すると昨日、コニャックを入れた試験管のタンパク質にわずかな結晶化が見られた。
「こいつは・・」
「やっぱり、今までのと違う」
失望から一転。一分の希望が見えはじめ、2人は興奮を抑えられない。
再びコニャック入りで、温度と保管時間を変えて試そう。そう言葉にするよりも早く2人の手は動いていた。
「マジかよ。100億倍パワーのス-パー青カビ見つけたっつう超ラッキーの運ゲーの比じゃねぇかコイツは」
「ペニシリン・・・偶然でも、治せるなら成功・・・」
2人は自然とつぶやき、コニャックの反応を確認し始めた。
「駄目だ。これも完全じゃない」
「さっきよりかマシだが・・・理想とは違ぇな」
1つ、また1つと失敗の結果に絶望感が増していく。
が、ついに6番目。
ALSの原因となる変異TDP-43の活性を阻害させるために必要な、タンパク質の結晶化が、完全な形で発見されたのだ。
「できてる・・・結晶化、できてる」
「・・・だな。マジでスゲェぜ。こいつぁ」
千空が漏らした言葉に、せりかも声を震わせて報告用のマイクを手に取った。
「ALSタンパク質結晶化。原因は未解明の段階ではありますが・・・
実験成功です」
その時、千空はISS内に漂う水の粒を目にした。
それはせりかの目から溢れる大粒の涙の塊たち。
父親の死を目の当たりにした日、一生分の涙を使い果たしたように泣かなくなってしまった彼女が、堪えることができなくなった。
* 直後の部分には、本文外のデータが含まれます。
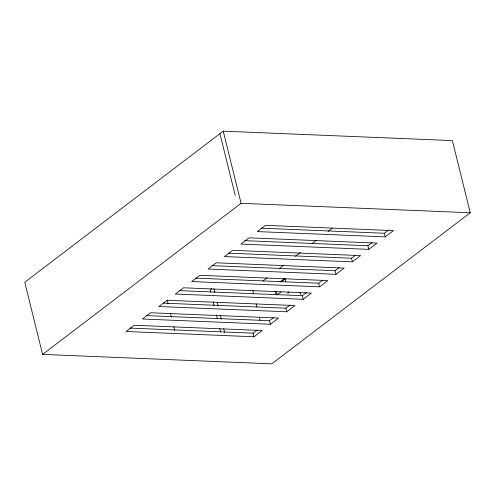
<?xml version="1.0" encoding="UTF-8"?>
<svg xmlns="http://www.w3.org/2000/svg" width="495" height="495" viewBox="0 0 495 495"><rect width="100%" height="100%" fill="white"/><g stroke="black" fill="none" stroke-linecap="round" stroke-linejoin="round"><path stroke-width="0.74" d="M223.214 131.156L24.75 282.237L42.607 354.389L271.786 363.844L470.25 212.763L452.393 140.611L223.214 131.156L241.071 203.315L42.607 354.389M211.841 288.635L210.202 289.884L210.752 292.099M262.87 281.03L267.176 277.751M279.477 268.389L283.165 265.58M295.472 256.218L300.391 252.469M312.079 243.577L316.379 240.298M328.067 231.4L332.374 228.121M279.984 281.933L284.848 278.233L285.708 281.704M281.185 281.983L285.442 278.747M277.355 294.655L281.005 291.883M129.783 328.086L253.075 333.166L257.177 330.047M146.186 315.593L269.478 320.68L273.58 317.555M163.369 303.138L285.887 308.187L289.99 305.069M179.772 290.645L302.297 295.701L306.393 292.576M195.407 278.128L318.7 283.208L322.802 280.09M211.817 265.636L335.109 270.722L339.211 267.597M228.22 253.149L351.512 258.235L355.614 255.111M244.629 240.657L367.921 245.743L372.023 242.624M261.032 228.17L384.324 233.256L388.427 230.132M253.966 336.773L262.171 330.53L134.256 325.258L126.052 331.502L253.966 336.773L253.075 333.166M270.375 324.287L278.574 318.044L150.659 312.766L142.461 319.009L270.375 324.287L269.478 320.68M286.778 311.794L294.983 305.551L167.069 300.279L158.864 306.523L286.778 311.794L285.887 308.187M303.188 299.308L311.392 293.065L183.472 287.787L175.273 294.03L303.188 299.308L302.297 295.701M319.591 286.822L327.795 280.572L199.881 275.3L191.676 281.544L319.591 286.822L318.7 283.208M336 274.329L344.204 268.086L216.29 262.808L208.086 269.057L336 274.329L335.109 270.722M352.403 261.843L360.607 255.593L232.693 250.322L224.489 256.565L352.403 261.843L351.512 258.235M368.812 249.35L377.017 243.107L249.103 237.829L240.898 244.078L368.812 249.35L367.921 245.743M385.221 236.864L393.42 230.621L265.506 225.343L257.301 231.586L385.221 236.864L384.324 233.256M241.071 203.315L470.25 212.763M299.617 292.273L301.016 294.624M276.309 291.468L277.169 294.933M275.115 291.419L275.969 294.89M219.935 133.656L235.224 195.438M252.784 290.478L253.52 293.455M256.101 303.881L256.837 306.857M259.417 317.276L260.153 320.253M213.852 288.863L214.768 292.557M217.144 302.173L218.06 305.867M220.436 315.476L221.352 319.176M223.728 328.785L224.643 332.485M213.128 301.715L214.044 305.409M216.426 315.018L217.342 318.718M219.718 328.327L220.634 332.021M167.186 300.112L168.096 303.806M170.478 313.415L171.394 317.116M173.77 326.725L174.685 330.425M288.065 293.758A5.569 1.974 -13.9 0 1 289 291.753"/></g></svg>

堪えるべきでなくなった。堪えなくてもいいと、心から思えるようになったのが、この瞬間であった。
ISS内を管理する管制カメラの前で、声にならない声を上げ、何一つ恥じることなく子供のように泣き始めたせりかに、千空は静かに肩を貸し、なだめ、褒め、ねぎらうように、その頭を優しく撫でたのだった。